§ INSTRUCTIONS FOR THE TASK:
For the records that follow, work out how many lines include "layers" and give only that count.

§ SOURCE DATA:
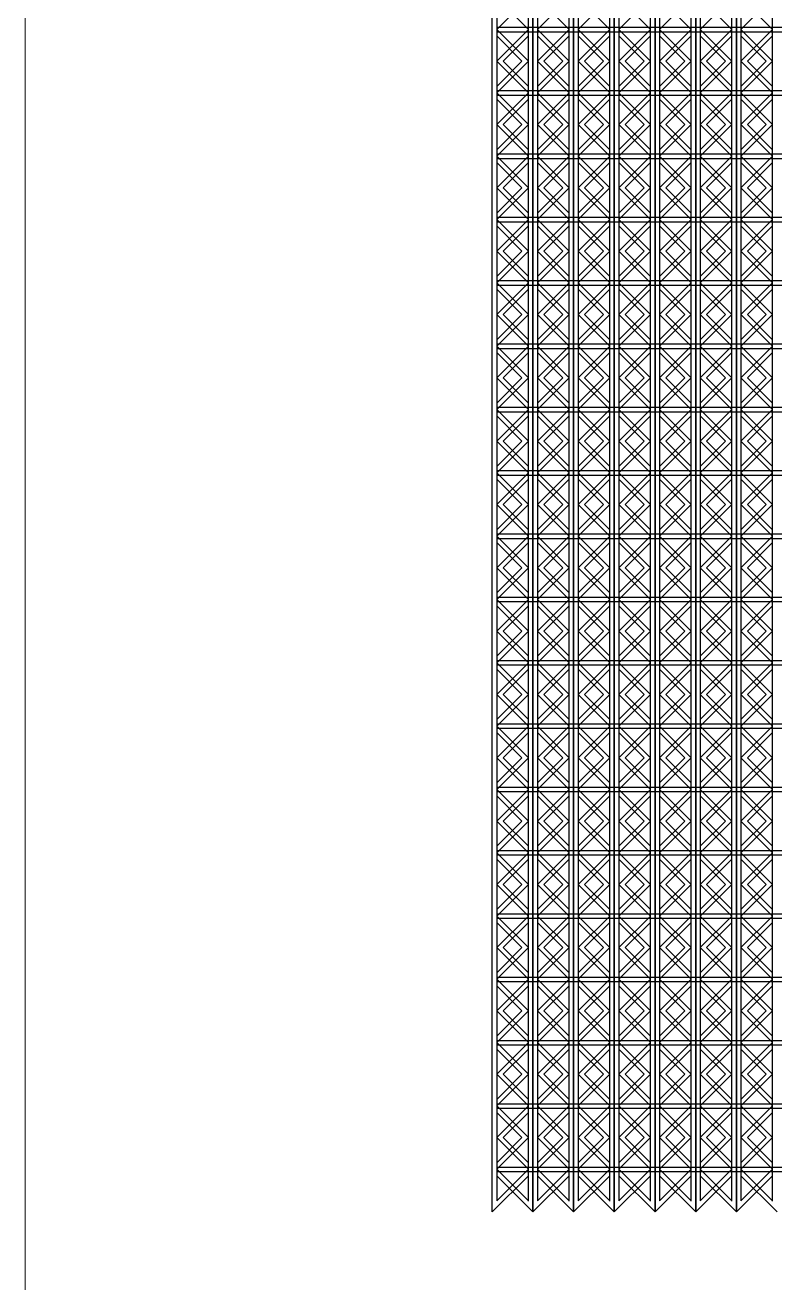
# Model space of a CAD drawing. Header units: millimetres. Extents: x 4404 to 35754, y 4815 to 12820.
# Drawn here: x 4404 to 4818, y 6615 to 7310 of the extents above; entities that cross this region are included whole.
import ezdxf

# ---------------------------------------------------------------- set-up
doc = ezdxf.new("R2010")
doc.units = ezdxf.units.MM
doc.layers.add('3d', color=220, linetype='Continuous')
doc.layers.add('naming', color=102, linetype='Continuous', lineweight=20)

msp = doc.modelspace()

# ---------------------------------------------------------------- linework, layer by layer
at = {"layer": '3d'}
for p, q in [((4661.8, 6654.49), (4661.8, 7611.56)), ((4664.3, 7605.53), (4664.3, 6660.53)), ((4681.8, 6660.47), (4681.8, 7605.53)), ((4684.3, 7611.56), (4684.3, 6654.49)), ((4684.3, 6654.49), (4684.3, 7611.56)), ((4686.8, 7605.53), (4686.8, 6660.53)), ((4704.3, 6660.47), (4704.3, 7605.53)), ((4706.8, 7611.56), (4706.8, 6654.49)), ((4706.8, 6654.49), (4706.8, 7611.56)), ((4709.3, 7605.53), (4709.3, 6660.53)), ((4726.8, 6660.47), (4726.8, 7605.53)), ((4729.3, 7611.56), (4729.3, 6654.49)), ((4729.3, 6654.49), (4729.3, 7611.56)), ((4731.8, 7605.53), (4731.8, 6660.53)), ((4749.3, 6660.47), (4749.3, 7605.53)), ((4751.8, 7611.56), (4751.8, 6654.49)), ((4751.8, 6654.49), (4751.8, 7611.56)), ((4754.3, 7605.53), (4754.3, 6660.53)), ((4771.8, 6660.47), (4771.8, 7605.53)), ((4774.3, 7611.56), (4774.3, 6654.49)), ((4774.3, 6654.49), (4774.3, 7611.56)), ((4776.8, 7605.53), (4776.8, 6660.53)), ((4794.3, 6660.47), (4794.3, 7605.53)), ((4796.8, 7611.56), (4796.8, 6654.49)), ((4796.8, 6654.49), (4796.8, 7611.56)), ((4799.3, 7605.53), (4799.3, 6660.53)), ((4816.8, 6660.47), (4816.8, 7605.53)), ((4664.3, 7309.27), (5764.3, 7309.27)), ((4664.3, 7306.77), (5764.3, 7306.77)), ((4664.3, 7274.27), (5764.3, 7274.27)), ((4664.3, 7271.77), (5764.3, 7271.77)), ((4664.3, 7239.27), (5764.3, 7239.27)), ((4664.3, 7236.77), (5764.3, 7236.77)), ((4664.3, 7204.27), (5764.3, 7204.27)), ((4664.3, 7201.77), (5764.3, 7201.77)), ((4664.3, 7169.27), (5764.3, 7169.27)), ((4664.3, 7166.77), (5764.3, 7166.77)), ((4664.3, 7134.27), (5764.3, 7134.27)), ((4664.3, 7134.27), (5764.3, 7134.27)), ((4664.3, 7131.77), (5764.3, 7131.77)), ((4664.3, 7099.27), (5764.3, 7099.27)), ((4664.3, 7099.27), (5764.3, 7099.27)), ((4664.3, 7096.77), (5764.3, 7096.77)), ((4664.3, 7064.27), (5764.3, 7064.27)), ((4664.3, 7064.27), (5764.3, 7064.27)), ((4664.3, 7061.77), (5764.3, 7061.77)), ((4664.3, 7061.77), (5764.3, 7061.77)), ((4664.3, 7029.27), (5764.3, 7029.27)), ((4664.3, 7026.77), (5764.3, 7026.77)), ((4664.3, 6994.27), (5764.3, 6994.27)), ((4664.3, 6991.77), (5764.3, 6991.77)), ((4664.3, 6959.27), (5764.3, 6959.27)), ((4664.3, 6956.77), (5764.3, 6956.77)), ((4664.3, 6924.27), (5764.3, 6924.27)), ((4664.3, 6921.77), (5764.3, 6921.77)), ((4664.3, 6889.27), (5764.3, 6889.27)), ((4664.3, 6886.77), (5764.3, 6886.77)), ((4664.3, 6854.27), (5764.3, 6854.27)), ((4664.3, 6851.77), (5764.3, 6851.77)), ((4664.3, 6819.27), (5764.3, 6819.27)), ((4664.3, 6816.77), (5764.3, 6816.77)), ((4664.3, 6784.27), (5764.3, 6784.27)), ((4664.3, 6781.77), (5764.3, 6781.77)), ((4664.3, 6749.27), (5764.3, 6749.27)), ((4664.3, 6749.27), (5764.3, 6749.27)), ((4664.3, 6746.77), (5764.3, 6746.77)), ((4664.3, 6714.27), (5764.3, 6714.27)), ((4664.3, 6714.27), (5764.3, 6714.27)), ((4664.3, 6711.77), (5764.3, 6711.77)), ((4664.3, 6679.27), (5764.3, 6679.27)), ((4664.3, 6676.77), (5764.3, 6676.77))]:
    msp.add_line(p, q, dxfattribs=at)
for points in [[(4664.3, 7325.53), (4681.8, 7308.03), (4664.3, 7290.53), (4681.8, 7273.03), (4664.3, 7255.53), (4681.8, 7238.03), (4664.3, 7220.53), (4681.8, 7203.03), (4664.3, 7185.53), (4681.8, 7168.03), (4664.3, 7150.53), (4681.8, 7133.03), (4664.3, 7115.53), (4681.8, 7098.03), (4664.3, 7080.53), (4681.8, 7063.03), (4664.3, 7045.53), (4681.8, 7028.03), (4664.3, 7010.53), (4681.8, 6993.03), (4664.3, 6975.53), (4681.8, 6958.03), (4664.3, 6940.53), (4681.8, 6923.03), (4664.3, 6905.53), (4681.8, 6888.03), (4664.3, 6870.53), (4681.8, 6853.03), (4664.3, 6835.53), (4681.8, 6818.03), (4664.3, 6800.53), (4681.8, 6783.03), (4664.3, 6765.53), (4681.8, 6748.03), (4664.3, 6730.53), (4681.8, 6713.03), (4664.3, 6695.53), (4681.8, 6678.03), (4664.3, 6660.53)], [(4681.8, 7325.53), (4664.3, 7308.03), (4681.8, 7290.53), (4664.3, 7273.03), (4681.8, 7255.53), (4664.3, 7238.03), (4681.8, 7220.53), (4664.3, 7203.03), (4681.8, 7185.53), (4664.3, 7168.03), (4681.8, 7150.53), (4664.3, 7133.03), (4681.8, 7115.53), (4664.3, 7098.03), (4681.8, 7080.53), (4664.3, 7063.03), (4681.8, 7045.53), (4664.3, 7028.03), (4681.8, 7010.53), (4664.3, 6993.03), (4681.8, 6975.53), (4664.3, 6958.03), (4681.8, 6940.53), (4664.3, 6923.03), (4681.8, 6905.53), (4664.3, 6888.03), (4681.8, 6870.53), (4664.3, 6853.03), (4681.8, 6835.53), (4664.3, 6818.03), (4681.8, 6800.53), (4664.3, 6783.03), (4681.8, 6765.53), (4664.3, 6748.03), (4681.8, 6730.53), (4664.3, 6713.03), (4681.8, 6695.53), (4664.3, 6678.03), (4681.8, 6660.53)], [(4686.8, 7325.53), (4704.3, 7308.03), (4686.8, 7290.53), (4704.3, 7273.03), (4686.8, 7255.53), (4704.3, 7238.03), (4686.8, 7220.53), (4704.3, 7203.03), (4686.8, 7185.53), (4704.3, 7168.03), (4686.8, 7150.53), (4704.3, 7133.03), (4686.8, 7115.53), (4704.3, 7098.03), (4686.8, 7080.53), (4704.3, 7063.03), (4686.8, 7045.53), (4704.3, 7028.03), (4686.8, 7010.53), (4704.3, 6993.03), (4686.8, 6975.53), (4704.3, 6958.03), (4686.8, 6940.53), (4704.3, 6923.03), (4686.8, 6905.53), (4704.3, 6888.03), (4686.8, 6870.53), (4704.3, 6853.03), (4686.8, 6835.53), (4704.3, 6818.03), (4686.8, 6800.53), (4704.3, 6783.03), (4686.8, 6765.53), (4704.3, 6748.03), (4686.8, 6730.53), (4704.3, 6713.03), (4686.8, 6695.53), (4704.3, 6678.03), (4686.8, 6660.53)], [(4704.3, 7325.53), (4686.8, 7308.03), (4704.3, 7290.53), (4686.8, 7273.03), (4704.3, 7255.53), (4686.8, 7238.03), (4704.3, 7220.53), (4686.8, 7203.03), (4704.3, 7185.53), (4686.8, 7168.03), (4704.3, 7150.53), (4686.8, 7133.03), (4704.3, 7115.53), (4686.8, 7098.03), (4704.3, 7080.53), (4686.8, 7063.03), (4704.3, 7045.53), (4686.8, 7028.03), (4704.3, 7010.53), (4686.8, 6993.03), (4704.3, 6975.53), (4686.8, 6958.03), (4704.3, 6940.53), (4686.8, 6923.03), (4704.3, 6905.53), (4686.8, 6888.03), (4704.3, 6870.53), (4686.8, 6853.03), (4704.3, 6835.53), (4686.8, 6818.03), (4704.3, 6800.53), (4686.8, 6783.03), (4704.3, 6765.53), (4686.8, 6748.03), (4704.3, 6730.53), (4686.8, 6713.03), (4704.3, 6695.53), (4686.8, 6678.03), (4704.3, 6660.53)], [(4709.3, 7325.53), (4726.8, 7308.03), (4709.3, 7290.53), (4726.8, 7273.03), (4709.3, 7255.53), (4726.8, 7238.03), (4709.3, 7220.53), (4726.8, 7203.03), (4709.3, 7185.53), (4726.8, 7168.03), (4709.3, 7150.53), (4726.8, 7133.03), (4709.3, 7115.53), (4726.8, 7098.03), (4709.3, 7080.53), (4726.8, 7063.03), (4709.3, 7045.53), (4726.8, 7028.03), (4709.3, 7010.53), (4726.8, 6993.03), (4709.3, 6975.53), (4726.8, 6958.03), (4709.3, 6940.53), (4726.8, 6923.03), (4709.3, 6905.53), (4726.8, 6888.03), (4709.3, 6870.53), (4726.8, 6853.03), (4709.3, 6835.53), (4726.8, 6818.03), (4709.3, 6800.53), (4726.8, 6783.03), (4709.3, 6765.53), (4726.8, 6748.03), (4709.3, 6730.53), (4726.8, 6713.03), (4709.3, 6695.53), (4726.8, 6678.03), (4709.3, 6660.53)], [(4726.8, 7325.53), (4709.3, 7308.03), (4726.8, 7290.53), (4709.3, 7273.03), (4726.8, 7255.53), (4709.3, 7238.03), (4726.8, 7220.53), (4709.3, 7203.03), (4726.8, 7185.53), (4709.3, 7168.03), (4726.8, 7150.53), (4709.3, 7133.03), (4726.8, 7115.53), (4709.3, 7098.03), (4726.8, 7080.53), (4709.3, 7063.03), (4726.8, 7045.53), (4709.3, 7028.03), (4726.8, 7010.53), (4709.3, 6993.03), (4726.8, 6975.53), (4709.3, 6958.03), (4726.8, 6940.53), (4709.3, 6923.03), (4726.8, 6905.53), (4709.3, 6888.03), (4726.8, 6870.53), (4709.3, 6853.03), (4726.8, 6835.53), (4709.3, 6818.03), (4726.8, 6800.53), (4709.3, 6783.03), (4726.8, 6765.53), (4709.3, 6748.03), (4726.8, 6730.53), (4709.3, 6713.03), (4726.8, 6695.53), (4709.3, 6678.03), (4726.8, 6660.53)], [(4731.8, 7325.53), (4749.3, 7308.03), (4731.8, 7290.53), (4749.3, 7273.03), (4731.8, 7255.53), (4749.3, 7238.03), (4731.8, 7220.53), (4749.3, 7203.03), (4731.8, 7185.53), (4749.3, 7168.03), (4731.8, 7150.53), (4749.3, 7133.03), (4731.8, 7115.53), (4749.3, 7098.03), (4731.8, 7080.53), (4749.3, 7063.03), (4731.8, 7045.53), (4749.3, 7028.03), (4731.8, 7010.53), (4749.3, 6993.03), (4731.8, 6975.53), (4749.3, 6958.03), (4731.8, 6940.53), (4749.3, 6923.03), (4731.8, 6905.53), (4749.3, 6888.03), (4731.8, 6870.53), (4749.3, 6853.03), (4731.8, 6835.53), (4749.3, 6818.03), (4731.8, 6800.53), (4749.3, 6783.03), (4731.8, 6765.53), (4749.3, 6748.03), (4731.8, 6730.53), (4749.3, 6713.03), (4731.8, 6695.53), (4749.3, 6678.03), (4731.8, 6660.53)], [(4749.3, 7325.53), (4731.8, 7308.03), (4749.3, 7290.53), (4731.8, 7273.03), (4749.3, 7255.53), (4731.8, 7238.03), (4749.3, 7220.53), (4731.8, 7203.03), (4749.3, 7185.53), (4731.8, 7168.03), (4749.3, 7150.53), (4731.8, 7133.03), (4749.3, 7115.53), (4731.8, 7098.03), (4749.3, 7080.53), (4731.8, 7063.03), (4749.3, 7045.53), (4731.8, 7028.03), (4749.3, 7010.53), (4731.8, 6993.03), (4749.3, 6975.53), (4731.8, 6958.03), (4749.3, 6940.53), (4731.8, 6923.03), (4749.3, 6905.53), (4731.8, 6888.03), (4749.3, 6870.53), (4731.8, 6853.03), (4749.3, 6835.53), (4731.8, 6818.03), (4749.3, 6800.53), (4731.8, 6783.03), (4749.3, 6765.53), (4731.8, 6748.03), (4749.3, 6730.53), (4731.8, 6713.03), (4749.3, 6695.53), (4731.8, 6678.03), (4749.3, 6660.53)], [(4754.3, 7325.53), (4771.8, 7308.03), (4754.3, 7290.53), (4771.8, 7273.03), (4754.3, 7255.53), (4771.8, 7238.03), (4754.3, 7220.53), (4771.8, 7203.03), (4754.3, 7185.53), (4771.8, 7168.03), (4754.3, 7150.53), (4771.8, 7133.03), (4754.3, 7115.53), (4771.8, 7098.03), (4754.3, 7080.53), (4771.8, 7063.03), (4754.3, 7045.53), (4771.8, 7028.03), (4754.3, 7010.53), (4771.8, 6993.03), (4754.3, 6975.53), (4771.8, 6958.03), (4754.3, 6940.53), (4771.8, 6923.03), (4754.3, 6905.53), (4771.8, 6888.03), (4754.3, 6870.53), (4771.8, 6853.03), (4754.3, 6835.53), (4771.8, 6818.03), (4754.3, 6800.53), (4771.8, 6783.03), (4754.3, 6765.53), (4771.8, 6748.03), (4754.3, 6730.53), (4771.8, 6713.03), (4754.3, 6695.53), (4771.8, 6678.03), (4754.3, 6660.53)], [(4771.8, 7325.53), (4754.3, 7308.03), (4771.8, 7290.53), (4754.3, 7273.03), (4771.8, 7255.53), (4754.3, 7238.03), (4771.8, 7220.53), (4754.3, 7203.03), (4771.8, 7185.53), (4754.3, 7168.03), (4771.8, 7150.53), (4754.3, 7133.03), (4771.8, 7115.53), (4754.3, 7098.03), (4771.8, 7080.53), (4754.3, 7063.03), (4771.8, 7045.53), (4754.3, 7028.03), (4771.8, 7010.53), (4754.3, 6993.03), (4771.8, 6975.53), (4754.3, 6958.03), (4771.8, 6940.53), (4754.3, 6923.03), (4771.8, 6905.53), (4754.3, 6888.03), (4771.8, 6870.53), (4754.3, 6853.03), (4771.8, 6835.53), (4754.3, 6818.03), (4771.8, 6800.53), (4754.3, 6783.03), (4771.8, 6765.53), (4754.3, 6748.03), (4771.8, 6730.53), (4754.3, 6713.03), (4771.8, 6695.53), (4754.3, 6678.03), (4771.8, 6660.53)], [(4776.8, 7325.53), (4794.3, 7308.03), (4776.8, 7290.53), (4794.3, 7273.03), (4776.8, 7255.53), (4794.3, 7238.03), (4776.8, 7220.53), (4794.3, 7203.03), (4776.8, 7185.53), (4794.3, 7168.03), (4776.8, 7150.53), (4794.3, 7133.03), (4776.8, 7115.53), (4794.3, 7098.03), (4776.8, 7080.53), (4794.3, 7063.03), (4776.8, 7045.53), (4794.3, 7028.03), (4776.8, 7010.53), (4794.3, 6993.03), (4776.8, 6975.53), (4794.3, 6958.03), (4776.8, 6940.53), (4794.3, 6923.03), (4776.8, 6905.53), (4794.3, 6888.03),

§ ANSWER TO THE EXERCISE:
2